ACTIVITY:
Output, exactly and in full, the entries that appear below.

TASK DATA:
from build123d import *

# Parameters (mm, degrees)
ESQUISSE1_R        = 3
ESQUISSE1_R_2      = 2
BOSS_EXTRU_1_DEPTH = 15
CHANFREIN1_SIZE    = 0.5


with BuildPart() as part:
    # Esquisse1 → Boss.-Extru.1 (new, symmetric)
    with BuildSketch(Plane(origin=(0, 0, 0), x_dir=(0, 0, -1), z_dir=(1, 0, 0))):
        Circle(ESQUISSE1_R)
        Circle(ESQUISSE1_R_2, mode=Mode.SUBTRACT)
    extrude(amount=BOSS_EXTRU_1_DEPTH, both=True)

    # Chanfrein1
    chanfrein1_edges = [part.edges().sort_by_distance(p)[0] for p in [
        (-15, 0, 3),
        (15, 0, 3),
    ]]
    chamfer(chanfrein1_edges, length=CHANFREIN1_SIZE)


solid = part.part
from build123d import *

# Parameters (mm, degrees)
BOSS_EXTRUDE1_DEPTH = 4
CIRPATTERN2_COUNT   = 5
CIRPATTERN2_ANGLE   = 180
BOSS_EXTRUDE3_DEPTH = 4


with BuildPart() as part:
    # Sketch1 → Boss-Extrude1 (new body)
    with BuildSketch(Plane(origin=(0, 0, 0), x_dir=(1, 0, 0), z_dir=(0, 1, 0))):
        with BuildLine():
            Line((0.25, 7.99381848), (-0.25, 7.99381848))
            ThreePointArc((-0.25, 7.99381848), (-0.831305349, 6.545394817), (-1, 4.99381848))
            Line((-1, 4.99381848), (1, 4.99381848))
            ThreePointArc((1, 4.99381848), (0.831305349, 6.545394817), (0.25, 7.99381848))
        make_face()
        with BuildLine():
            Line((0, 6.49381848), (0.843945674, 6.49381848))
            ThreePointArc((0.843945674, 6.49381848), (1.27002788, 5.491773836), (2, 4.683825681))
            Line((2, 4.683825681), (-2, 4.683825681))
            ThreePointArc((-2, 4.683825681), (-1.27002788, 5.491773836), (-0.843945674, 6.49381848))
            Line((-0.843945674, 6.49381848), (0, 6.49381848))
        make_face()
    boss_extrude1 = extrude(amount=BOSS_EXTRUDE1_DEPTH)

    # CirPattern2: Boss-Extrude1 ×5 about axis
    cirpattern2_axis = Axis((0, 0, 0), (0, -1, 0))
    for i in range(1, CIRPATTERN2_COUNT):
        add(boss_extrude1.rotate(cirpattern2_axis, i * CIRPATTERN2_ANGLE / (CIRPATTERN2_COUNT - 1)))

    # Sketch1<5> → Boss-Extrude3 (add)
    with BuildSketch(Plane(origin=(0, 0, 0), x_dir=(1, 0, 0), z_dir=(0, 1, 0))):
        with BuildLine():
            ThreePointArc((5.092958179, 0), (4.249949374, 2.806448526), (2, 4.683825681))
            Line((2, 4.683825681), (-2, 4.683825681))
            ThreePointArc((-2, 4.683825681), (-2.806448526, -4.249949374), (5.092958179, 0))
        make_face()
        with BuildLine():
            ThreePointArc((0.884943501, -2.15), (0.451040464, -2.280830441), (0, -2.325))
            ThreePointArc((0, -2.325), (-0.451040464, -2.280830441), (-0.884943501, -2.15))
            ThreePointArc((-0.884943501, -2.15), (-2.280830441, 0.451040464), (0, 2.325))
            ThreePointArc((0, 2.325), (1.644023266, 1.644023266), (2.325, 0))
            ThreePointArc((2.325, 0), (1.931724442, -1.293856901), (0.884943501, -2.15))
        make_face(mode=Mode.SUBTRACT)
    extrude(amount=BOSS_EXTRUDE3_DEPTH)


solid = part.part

YOUR RESPONSE:
from build123d import *

# Parameters (mm, degrees)
ESQUISSE1_R        = 3
ESQUISSE1_R_2      = 2
BOSS_EXTRU_1_DEPTH = 15
CHANFREIN1_SIZE    = 0.5


with BuildPart() as part:
    # Esquisse1 → Boss.-Extru.1 (new, symmetric)
    with BuildSketch(Plane(origin=(0, 0, 0), x_dir=(0, 0, -1), z_dir=(1, 0, 0))):
        Circle(ESQUISSE1_R)
        Circle(ESQUISSE1_R_2, mode=Mode.SUBTRACT)
    extrude(amount=BOSS_EXTRU_1_DEPTH, both=True)

    # Chanfrein1
    chanfrein1_edges = [part.edges().sort_by_distance(p)[0] for p in [
        (-15, 0, 3),
        (15, 0, 3),
    ]]
    chamfer(chanfrein1_edges, length=CHANFREIN1_SIZE)


solid = part.part
from build123d import *

# Parameters (mm, degrees)
BOSS_EXTRUDE1_DEPTH = 4
CIRPATTERN2_COUNT   = 5
CIRPATTERN2_ANGLE   = 180
BOSS_EXTRUDE3_DEPTH = 4


with BuildPart() as part:
    # Sketch1 → Boss-Extrude1 (new body)
    with BuildSketch(Plane(origin=(0, 0, 0), x_dir=(1, 0, 0), z_dir=(0, 1, 0))):
        with BuildLine():
            Line((0.25, 7.99381848), (-0.25, 7.99381848))
            ThreePointArc((-0.25, 7.99381848), (-0.831305349, 6.545394817), (-1, 4.99381848))
            Line((-1, 4.99381848), (1, 4.99381848))
            ThreePointArc((1, 4.99381848), (0.831305349, 6.545394817), (0.25, 7.99381848))
        make_face()
        with BuildLine():
            Line((0, 6.49381848), (0.843945674, 6.49381848))
            ThreePointArc((0.843945674, 6.49381848), (1.27002788, 5.491773836), (2, 4.683825681))
            Line((2, 4.683825681), (-2, 4.683825681))
            ThreePointArc((-2, 4.683825681), (-1.27002788, 5.491773836), (-0.843945674, 6.49381848))
            Line((-0.843945674, 6.49381848), (0, 6.49381848))
        make_face()
    boss_extrude1 = extrude(amount=BOSS_EXTRUDE1_DEPTH)

    # CirPattern2: Boss-Extrude1 ×5 about axis
    cirpattern2_axis = Axis((0, 0, 0), (0, -1, 0))
    for i in range(1, CIRPATTERN2_COUNT):
        add(boss_extrude1.rotate(cirpattern2_axis, i * CIRPATTERN2_ANGLE / (CIRPATTERN2_COUNT - 1)))

    # Sketch1<5> → Boss-Extrude3 (add)
    with BuildSketch(Plane(origin=(0, 0, 0), x_dir=(1, 0, 0), z_dir=(0, 1, 0))):
        with BuildLine():
            ThreePointArc((5.092958179, 0), (4.249949374, 2.806448526), (2, 4.683825681))
            Line((2, 4.683825681), (-2, 4.683825681))
            ThreePointArc((-2, 4.683825681), (-2.806448526, -4.249949374), (5.092958179, 0))
        make_face()
        with BuildLine():
            ThreePointArc((0.884943501, -2.15), (0.451040464, -2.280830441), (0, -2.325))
            ThreePointArc((0, -2.325), (-0.451040464, -2.280830441), (-0.884943501, -2.15))
            ThreePointArc((-0.884943501, -2.15), (-2.280830441, 0.451040464), (0, 2.325))
            ThreePointArc((0, 2.325), (1.644023266, 1.644023266), (2.325, 0))
            ThreePointArc((2.325, 0), (1.931724442, -1.293856901), (0.884943501, -2.15))
        make_face(mode=Mode.SUBTRACT)
    extrude(amount=BOSS_EXTRUDE3_DEPTH)


solid = part.part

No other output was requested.